Full disclosure on all fronts: I first met Dr. Sharfstein in the late 1990s, when I first took an interest in the drug industry and he was a young aide in Congressman Henry Waxman’s office. A decade later, while running the Integrity in Science project for the Center for Science in the Public Interest, I worked under Dr. Woodcock, then head of the Center for Drug Evaluation and Research, as an unpaid consumer representative on several FDA advisory committees. And about a decade ago, I interviewed Dr. Abernethy several times because of her pioneering work in using outcomes data from the off-label use of drugs to improve cancer care. My last interview with her was just two weeks ago for a session at the American College of Healthcare Executives, which was aired online today (no link available yet).
As I noted in a column earlier this month, I believe the Biden team should pick a top-notch public health official for FDA commissioner, someone in the mold of Dr. David Kessler, who held the job from 1990 to 1997 under Republican and Democratic presidents and led the successful fight against the tobacco industry. The agency’s reputation was badly tarnished by last year’s hydroxychloroquine episode and other Trump administration efforts to manipulate or ignore science when considering new drug applications.
It takes an outsider to right the ship
If Biden chooses the former top drug regulator at the agency, especially one who has taken heat for waving through several questionable drug approvals in recent years, it would make the job of rebuilding confidence in the agency that much harder. It would also be the first time since the mid-1960s that someone from inside the agency took over the top job on a permanent basis.
The last time that happened, things didn’t turn out well. In 1968, President Lyndon Johnson appointed Dr. Herbert Ley to run the agency after he spent several years in charge of what was then called the Bureau of Medicine. Over the next two years, he became enmeshed in a series of scandals involving the failure to remove a mislabeled drug from the market, allowing a dangerous additive (monosodium glutamate) in baby food, and delaying the removal of cyclamates from the food supply. The drum beat of bad press led to Congressional hearings and his eventual ouster from the job.
Yet Woodcock still has to be considered the front runner for the job since many of the people closest to the new president come from the patient-advocacy, faster cures world. So does the new president. When vice president, Biden spearheaded the Obama administration’s “cancer moonshot,” which was launched shortly after his son Beau died of brain cancer.
The biggest health problems facing America today are largely social and require comprehensive public health approaches – not better medical interventions. They include the opioid and obesity epidemics, declining longevity from deaths of despair, ongoing alcohol, tobacco and firearms abuse, and emerging environmental health problems.
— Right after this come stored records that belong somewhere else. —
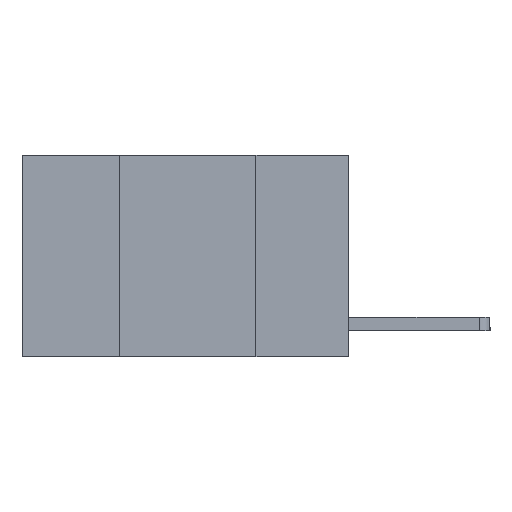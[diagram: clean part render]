
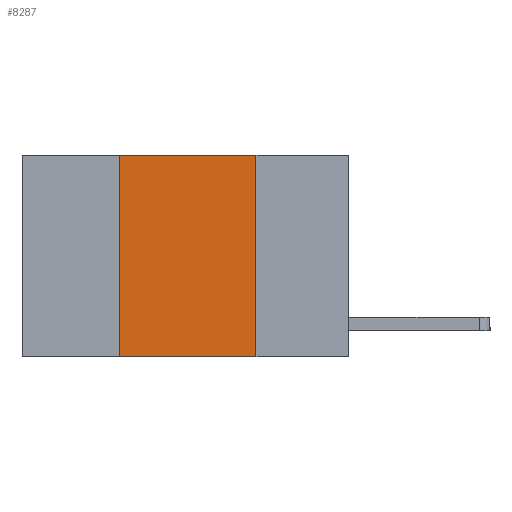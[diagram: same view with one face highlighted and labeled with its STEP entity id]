
A CAD part, left-side view. The second image highlights one B-rep face of the part: STEP entity #8287.
In plain terms, the highlighted planar face has unit normal (-1, 0, 0).
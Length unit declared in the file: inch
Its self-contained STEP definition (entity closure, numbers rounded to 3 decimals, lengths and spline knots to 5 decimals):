
#59 = DIRECTION ( 'NONE',  ( 0., 0., 1. ) ) ;
#155 = CARTESIAN_POINT ( 'NONE',  ( 0., 0.6, 0. ) ) ;
#481 = VERTEX_POINT ( 'NONE', #9530 ) ;
#647 = LINE ( 'NONE', #2995, #4954 ) ;
#758 = PLANE ( 'NONE',  #1237 ) ;
#783 = ORIENTED_EDGE ( 'NONE', *, *, #3174, .F. ) ;
#818 = EDGE_LOOP ( 'NONE', ( #3832, #5306, #783, #7826 ) ) ;
#865 = CARTESIAN_POINT ( 'NONE',  ( 0., 0.42, -0.37 ) ) ;
#1237 = AXIS2_PLACEMENT_3D ( 'NONE', #7038, #9389, #3869 ) ;
#2472 = VERTEX_POINT ( 'NONE', #10080 ) ;
#2760 = LINE ( 'NONE', #5776, #2796 ) ;
#2796 = VECTOR ( 'NONE', #8111, 39.37008 ) ;
#2995 = CARTESIAN_POINT ( 'NONE',  ( 0., 0.6, -0.37 ) ) ;
#3174 = EDGE_CURVE ( 'NONE', #8855, #7089, #6219, .T. ) ;
#3343 = EDGE_CURVE ( 'NONE', #2472, #481, #2760, .T. ) ;
#3570 = EDGE_CURVE ( 'NONE', #7089, #2472, #7901, .T. ) ;
#3832 = ORIENTED_EDGE ( 'NONE', *, *, #3343, .F. ) ;
#3869 = DIRECTION ( 'NONE',  ( 0., 0., -1. ) ) ;
#4307 = VECTOR ( 'NONE', #4840, 39.37008 ) ;
#4635 = FACE_OUTER_BOUND ( 'NONE', #818, .T. ) ;
#4840 = DIRECTION ( 'NONE',  ( 0., -1., 0. ) ) ;
#4954 = VECTOR ( 'NONE', #5191, 39.37008 ) ;
#5191 = DIRECTION ( 'NONE',  ( 0., -1., 0. ) ) ;
#5306 = ORIENTED_EDGE ( 'NONE', *, *, #3570, .F. ) ;
#5776 = CARTESIAN_POINT ( 'NONE',  ( 0., 0.17, 0. ) ) ;
#6219 = LINE ( 'NONE', #6381, #9974 ) ;
#6381 = CARTESIAN_POINT ( 'NONE',  ( 0., 0.42, 0. ) ) ;
#7038 = CARTESIAN_POINT ( 'NONE',  ( 0., 0.6, 0. ) ) ;
#7089 = VERTEX_POINT ( 'NONE', #9199 ) ;
#7350 = EDGE_CURVE ( 'NONE', #8855, #481, #647, .T. ) ;
#7826 = ORIENTED_EDGE ( 'NONE', *, *, #7350, .T. ) ;
#7901 = LINE ( 'NONE', #155, #4307 ) ;
#8111 = DIRECTION ( 'NONE',  ( 0., 0., -1. ) ) ;
#8287 = ADVANCED_FACE ( 'NONE', ( #4635 ), #758, .F. ) ;
#8855 = VERTEX_POINT ( 'NONE', #865 ) ;
#9199 = CARTESIAN_POINT ( 'NONE',  ( 0., 0.42, 0. ) ) ;
#9389 = DIRECTION ( 'NONE',  ( 1., 0., 0. ) ) ;
#9530 = CARTESIAN_POINT ( 'NONE',  ( 0., 0.17, -0.37 ) ) ;
#9974 = VECTOR ( 'NONE', #59, 39.37008 ) ;
#10080 = CARTESIAN_POINT ( 'NONE',  ( 0., 0.17, 0. ) ) ;
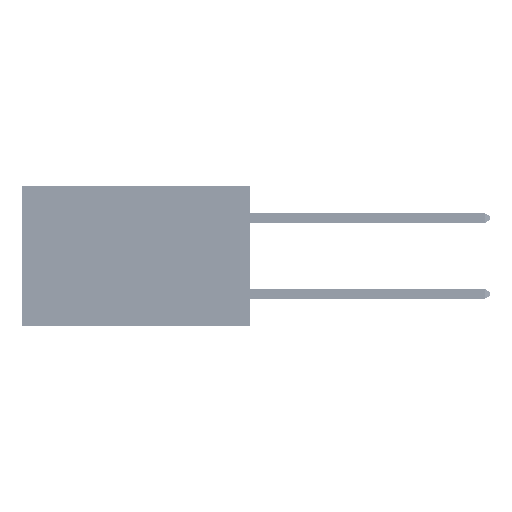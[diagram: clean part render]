
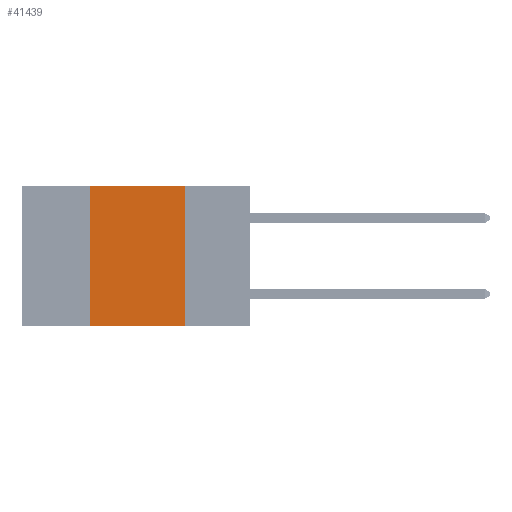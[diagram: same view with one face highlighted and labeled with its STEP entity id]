
A CAD part, left-side view. The second image highlights one B-rep face of the part: STEP entity #41439.
In plain terms, the highlighted planar face has unit normal (-1, 0, 0).
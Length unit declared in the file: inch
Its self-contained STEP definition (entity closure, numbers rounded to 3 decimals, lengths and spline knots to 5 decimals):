
#1589 = VECTOR ( 'NONE', #28482, 39.37008 ) ;
#3840 = VECTOR ( 'NONE', #15682, 39.37008 ) ;
#4211 = EDGE_CURVE ( 'NONE', #22656, #34241, #32235, .T. ) ;
#6393 = ORIENTED_EDGE ( 'NONE', *, *, #17723, .F. ) ;
#6564 = CARTESIAN_POINT ( 'NONE',  ( 0., 0.42, 0. ) ) ;
#7036 = DIRECTION ( 'NONE',  ( 1., 0., 0. ) ) ;
#7541 = ORIENTED_EDGE ( 'NONE', *, *, #4211, .T. ) ;
#10291 = EDGE_LOOP ( 'NONE', ( #6393, #43165, #33677, #7541 ) ) ;
#10614 = VECTOR ( 'NONE', #27359, 39.37008 ) ;
#14806 = CARTESIAN_POINT ( 'NONE',  ( 0., 0.6, -0.37 ) ) ;
#14842 = VECTOR ( 'NONE', #29393, 39.37008 ) ;
#15682 = DIRECTION ( 'NONE',  ( 0., -1., 0. ) ) ;
#17723 = EDGE_CURVE ( 'NONE', #29060, #34241, #45265, .T. ) ;
#19779 = CARTESIAN_POINT ( 'NONE',  ( 0., 0.42, 0. ) ) ;
#22656 = VERTEX_POINT ( 'NONE', #39769 ) ;
#24455 = CARTESIAN_POINT ( 'NONE',  ( 0., 0.6, 0. ) ) ;
#24463 = LINE ( 'NONE', #6564, #1589 ) ;
#25095 = VERTEX_POINT ( 'NONE', #19779 ) ;
#27359 = DIRECTION ( 'NONE',  ( 0., 0., -1. ) ) ;
#28482 = DIRECTION ( 'NONE',  ( 0., 0., 1. ) ) ;
#29060 = VERTEX_POINT ( 'NONE', #42988 ) ;
#29393 = DIRECTION ( 'NONE',  ( 0., -1., 0. ) ) ;
#29553 = CARTESIAN_POINT ( 'NONE',  ( 0., 0.17, -0.37 ) ) ;
#32235 = LINE ( 'NONE', #14806, #14842 ) ;
#32624 = EDGE_CURVE ( 'NONE', #25095, #29060, #41134, .T. ) ;
#33677 = ORIENTED_EDGE ( 'NONE', *, *, #39256, .F. ) ;
#34241 = VERTEX_POINT ( 'NONE', #29553 ) ;
#35774 = DIRECTION ( 'NONE',  ( 0., 0., -1. ) ) ;
#37142 = CARTESIAN_POINT ( 'NONE',  ( 0., 0.6, 0. ) ) ;
#38415 = CARTESIAN_POINT ( 'NONE',  ( 0., 0.17, 0. ) ) ;
#39245 = AXIS2_PLACEMENT_3D ( 'NONE', #24455, #7036, #35774 ) ;
#39256 = EDGE_CURVE ( 'NONE', #22656, #25095, #24463, .T. ) ;
#39769 = CARTESIAN_POINT ( 'NONE',  ( 0., 0.42, -0.37 ) ) ;
#41134 = LINE ( 'NONE', #37142, #3840 ) ;
#41439 = ADVANCED_FACE ( 'NONE', ( #42618 ), #43092, .F. ) ;
#42618 = FACE_OUTER_BOUND ( 'NONE', #10291, .T. ) ;
#42988 = CARTESIAN_POINT ( 'NONE',  ( 0., 0.17, 0. ) ) ;
#43092 = PLANE ( 'NONE',  #39245 ) ;
#43165 = ORIENTED_EDGE ( 'NONE', *, *, #32624, .F. ) ;
#45265 = LINE ( 'NONE', #38415, #10614 ) ;
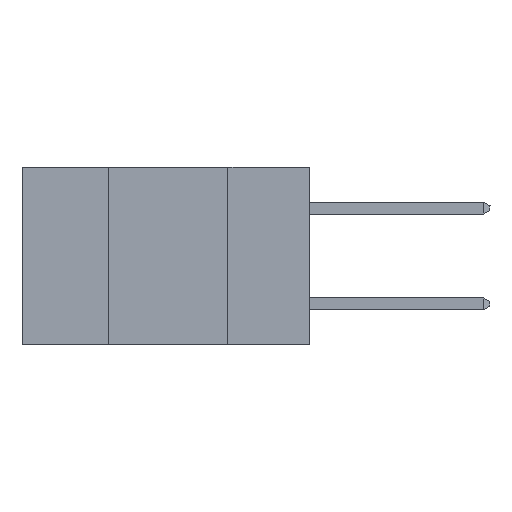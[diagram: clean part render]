
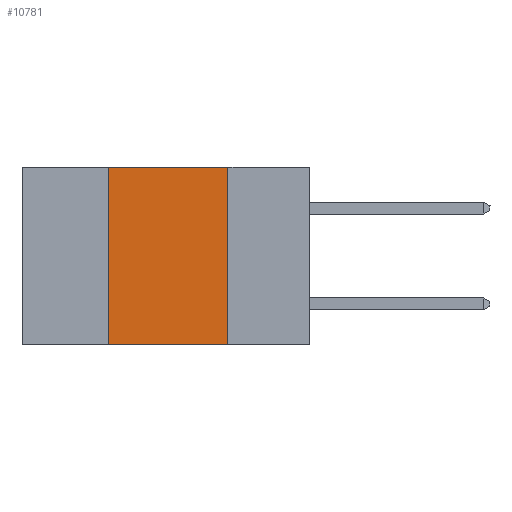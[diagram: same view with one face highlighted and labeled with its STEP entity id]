
A CAD part, left-side view. The second image highlights one B-rep face of the part: STEP entity #10781.
In plain terms, the highlighted planar face has unit normal (-1, 0, 0).
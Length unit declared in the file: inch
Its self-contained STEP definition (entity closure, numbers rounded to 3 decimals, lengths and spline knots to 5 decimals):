
#26 = CARTESIAN_POINT ( 'NONE',  ( 0., 0.6, -0.37 ) ) ;
#354 = LINE ( 'NONE', #3870, #8618 ) ;
#2441 = FACE_OUTER_BOUND ( 'NONE', #18377, .T. ) ;
#2702 = CARTESIAN_POINT ( 'NONE',  ( 0., 0.42, 0. ) ) ;
#3870 = CARTESIAN_POINT ( 'NONE',  ( 0., 0.42, 0. ) ) ;
#4492 = AXIS2_PLACEMENT_3D ( 'NONE', #13715, #6967, #18646 ) ;
#4757 = CARTESIAN_POINT ( 'NONE',  ( 0., 0.17, -0.37 ) ) ;
#4977 = CARTESIAN_POINT ( 'NONE',  ( 0., 0.17, 0. ) ) ;
#5166 = VECTOR ( 'NONE', #9969, 39.37008 ) ;
#5254 = DIRECTION ( 'NONE',  ( 0., -1., 0. ) ) ;
#5377 = ORIENTED_EDGE ( 'NONE', *, *, #8796, .F. ) ;
#6479 = VECTOR ( 'NONE', #15089, 39.37008 ) ;
#6702 = LINE ( 'NONE', #13671, #15102 ) ;
#6937 = ORIENTED_EDGE ( 'NONE', *, *, #18961, .F. ) ;
#6967 = DIRECTION ( 'NONE',  ( 1., 0., 0. ) ) ;
#7366 = VERTEX_POINT ( 'NONE', #4757 ) ;
#8618 = VECTOR ( 'NONE', #18888, 39.37008 ) ;
#8796 = EDGE_CURVE ( 'NONE', #20266, #7366, #21296, .T. ) ;
#9969 = DIRECTION ( 'NONE',  ( 0., -1., 0. ) ) ;
#10472 = ORIENTED_EDGE ( 'NONE', *, *, #14593, .F. ) ;
#10781 = ADVANCED_FACE ( 'NONE', ( #2441 ), #17010, .F. ) ;
#13671 = CARTESIAN_POINT ( 'NONE',  ( 0., 0.6, 0. ) ) ;
#13715 = CARTESIAN_POINT ( 'NONE',  ( 0., 0.6, 0. ) ) ;
#13751 = EDGE_CURVE ( 'NONE', #15748, #7366, #18487, .T. ) ;
#14593 = EDGE_CURVE ( 'NONE', #21117, #20266, #6702, .T. ) ;
#15089 = DIRECTION ( 'NONE',  ( 0., 0., -1. ) ) ;
#15102 = VECTOR ( 'NONE', #5254, 39.37008 ) ;
#15748 = VERTEX_POINT ( 'NONE', #20807 ) ;
#15808 = CARTESIAN_POINT ( 'NONE',  ( 0., 0.17, 0. ) ) ;
#17010 = PLANE ( 'NONE',  #4492 ) ;
#18377 = EDGE_LOOP ( 'NONE', ( #5377, #10472, #6937, #19435 ) ) ;
#18487 = LINE ( 'NONE', #26, #5166 ) ;
#18646 = DIRECTION ( 'NONE',  ( 0., 0., -1. ) ) ;
#18888 = DIRECTION ( 'NONE',  ( 0., 0., 1. ) ) ;
#18961 = EDGE_CURVE ( 'NONE', #15748, #21117, #354, .T. ) ;
#19435 = ORIENTED_EDGE ( 'NONE', *, *, #13751, .T. ) ;
#20266 = VERTEX_POINT ( 'NONE', #15808 ) ;
#20807 = CARTESIAN_POINT ( 'NONE',  ( 0., 0.42, -0.37 ) ) ;
#21117 = VERTEX_POINT ( 'NONE', #2702 ) ;
#21296 = LINE ( 'NONE', #4977, #6479 ) ;
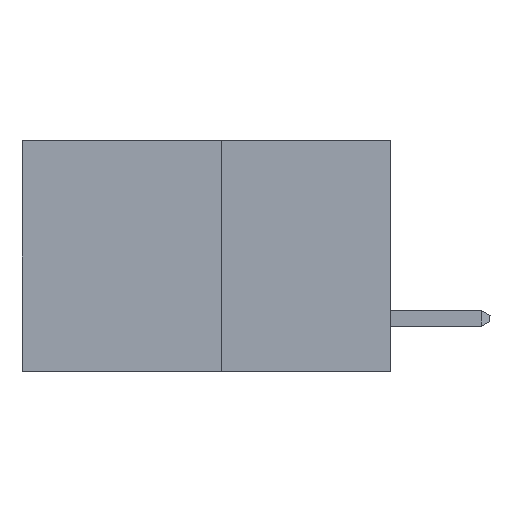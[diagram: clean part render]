
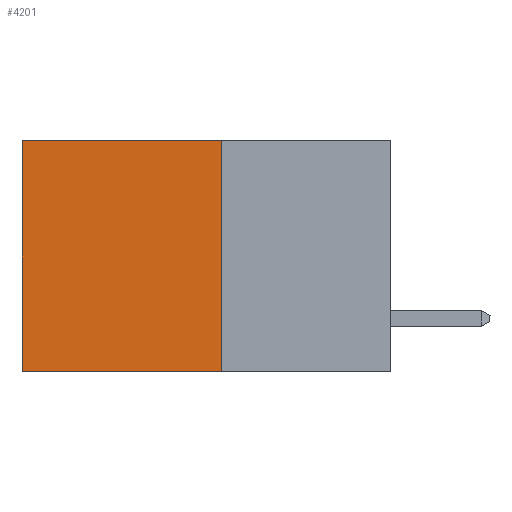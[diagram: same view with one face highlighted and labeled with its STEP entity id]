
A CAD part, left-side view. The second image highlights one B-rep face of the part: STEP entity #4201.
In plain terms, the highlighted planar face has unit normal (-1, 0, 0).
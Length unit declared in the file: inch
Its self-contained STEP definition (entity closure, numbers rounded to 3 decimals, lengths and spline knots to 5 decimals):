
#3 = PLANE ( 'NONE',  #1843 ) ;
#22 = CARTESIAN_POINT ( 'NONE',  ( 0.277, 0.27, 0. ) ) ;
#45 = EDGE_CURVE ( 'NONE', #232, #5156, #4556, .T. ) ;
#232 = VERTEX_POINT ( 'NONE', #6751 ) ;
#382 = DIRECTION ( 'NONE',  ( 0., 0., -1. ) ) ;
#517 = VECTOR ( 'NONE', #5814, 39.37008 ) ;
#854 = VECTOR ( 'NONE', #7799, 39.37008 ) ;
#1244 = CARTESIAN_POINT ( 'NONE',  ( 0.277, 0.59, -0.37 ) ) ;
#1406 = VECTOR ( 'NONE', #4163, 39.37008 ) ;
#1454 = VECTOR ( 'NONE', #382, 39.37008 ) ;
#1483 = DIRECTION ( 'NONE',  ( 0., 0., -1. ) ) ;
#1542 = VERTEX_POINT ( 'NONE', #6667 ) ;
#1557 = CARTESIAN_POINT ( 'NONE',  ( 0.277, 0.27, -0.37 ) ) ;
#1639 = ORIENTED_EDGE ( 'NONE', *, *, #45, .T. ) ;
#1698 = LINE ( 'NONE', #5583, #1454 ) ;
#1843 = AXIS2_PLACEMENT_3D ( 'NONE', #1557, #1932, #1483 ) ;
#1932 = DIRECTION ( 'NONE',  ( 1., 0., 0. ) ) ;
#2661 = CARTESIAN_POINT ( 'NONE',  ( 0.277, 0.59, -0.37 ) ) ;
#2708 = EDGE_CURVE ( 'NONE', #6788, #232, #3422, .T. ) ;
#3074 = ORIENTED_EDGE ( 'NONE', *, *, #8932, .F. ) ;
#3422 = LINE ( 'NONE', #5820, #1406 ) ;
#3546 = CARTESIAN_POINT ( 'NONE',  ( 0.277, 0.27, -0.37 ) ) ;
#4163 = DIRECTION ( 'NONE',  ( 0., 1., 0. ) ) ;
#4201 = ADVANCED_FACE ( 'NONE', ( #8286 ), #3, .F. ) ;
#4556 = LINE ( 'NONE', #2661, #517 ) ;
#5156 = VERTEX_POINT ( 'NONE', #1244 ) ;
#5583 = CARTESIAN_POINT ( 'NONE',  ( 0.277, 0.27, -0.37 ) ) ;
#5804 = EDGE_LOOP ( 'NONE', ( #1639, #3074, #8745, #8975 ) ) ;
#5814 = DIRECTION ( 'NONE',  ( 0., 0., -1. ) ) ;
#5820 = CARTESIAN_POINT ( 'NONE',  ( 0.277, 0.27, 0. ) ) ;
#6425 = EDGE_CURVE ( 'NONE', #6788, #1542, #1698, .T. ) ;
#6667 = CARTESIAN_POINT ( 'NONE',  ( 0.277, 0.27, -0.37 ) ) ;
#6751 = CARTESIAN_POINT ( 'NONE',  ( 0.277, 0.59, 0. ) ) ;
#6788 = VERTEX_POINT ( 'NONE', #22 ) ;
#6922 = LINE ( 'NONE', #3546, #854 ) ;
#7799 = DIRECTION ( 'NONE',  ( 0., 1., 0. ) ) ;
#8286 = FACE_OUTER_BOUND ( 'NONE', #5804, .T. ) ;
#8745 = ORIENTED_EDGE ( 'NONE', *, *, #6425, .F. ) ;
#8932 = EDGE_CURVE ( 'NONE', #1542, #5156, #6922, .T. ) ;
#8975 = ORIENTED_EDGE ( 'NONE', *, *, #2708, .T. ) ;
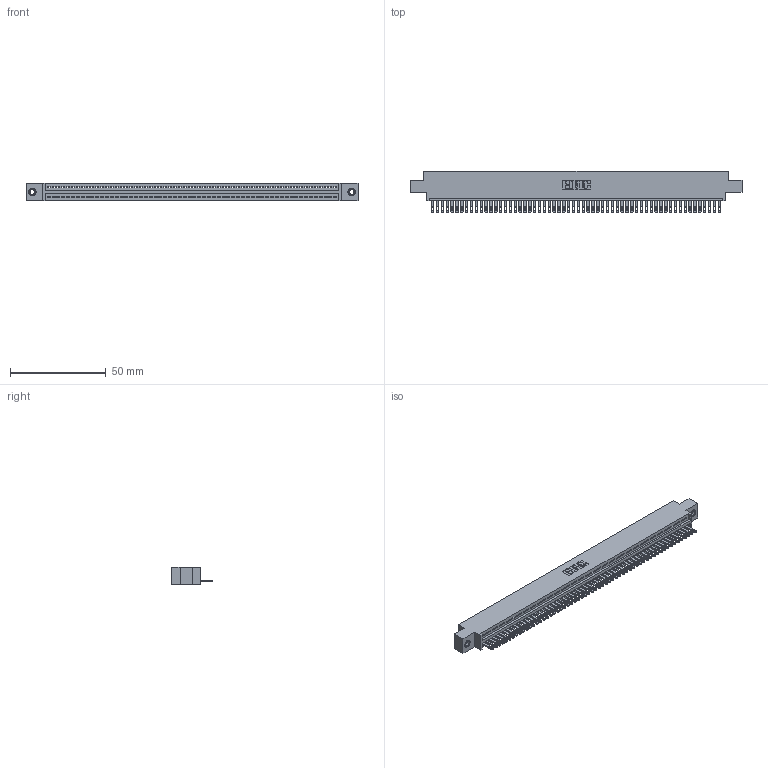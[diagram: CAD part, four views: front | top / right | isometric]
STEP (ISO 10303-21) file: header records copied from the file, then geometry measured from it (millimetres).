
FILE_DESCRIPTION (( 'STEP AP203' ), '1' );
FILE_NAME ('895-060-500-607.STEP', '2020-09-28T05:03:37', ( '' ), ( '' ), 'SwSTEP 2.0', 'SolidWorks 2020', '' );
FILE_SCHEMA (( 'CONFIG_CONTROL_DESIGN' ));
Length unit declared in the file: inch
Products named in the file (4): 845 Part_0.170 Offset - 0.156 Dia-TI; 345-250-001_345-250-005-103; 345-292-001_345-293-100; 895-060-500-607
Assembly tree (63 placements, depth 2):
  895-060-500-607
    845 Part_0.170 Offset - 0.156 Dia-TI
    345-292-001_345-293-100  x60
    345-250-001_345-250-005-103  x2
Bounding box: 173.61 x 21.51 x 9.4 mm (x, y, z)
Volume: 16547.2 mm3; surface area: 22528.3 mm2
Topology: 63 solids, 63 shells, 3430 faces, 10569 edges, 7038 vertices
Faces by surface type: plane 2156, cylinder 1258, cone 12, torus 4
Entity records: 43982 total; most frequent: CARTESIAN_POINT 7599, ORIENTED_EDGE 7586, DIRECTION 6639, EDGE_CURVE 3793, VECTOR 3397, LINE 3397, VERTEX_POINT 2524, AXIS2_PLACEMENT_3D 1621

The FDA, which regulates one quarter of all consumer products, has a major role to play in addressing all of those problems through its oversight of food, tobacco and cosmetics, and its statutory authority to regulate product labels and advertising.
In my recent interview with Dr. Abernethy, she had solid ideas on how to apply information technology to advancing the mission at all six centers at the FDA (drugs, biologics, devices, food, tobacco and veterinary medicine). But it would take a major and rapid transformation in her intellectual outlook for her to become a champion for public health.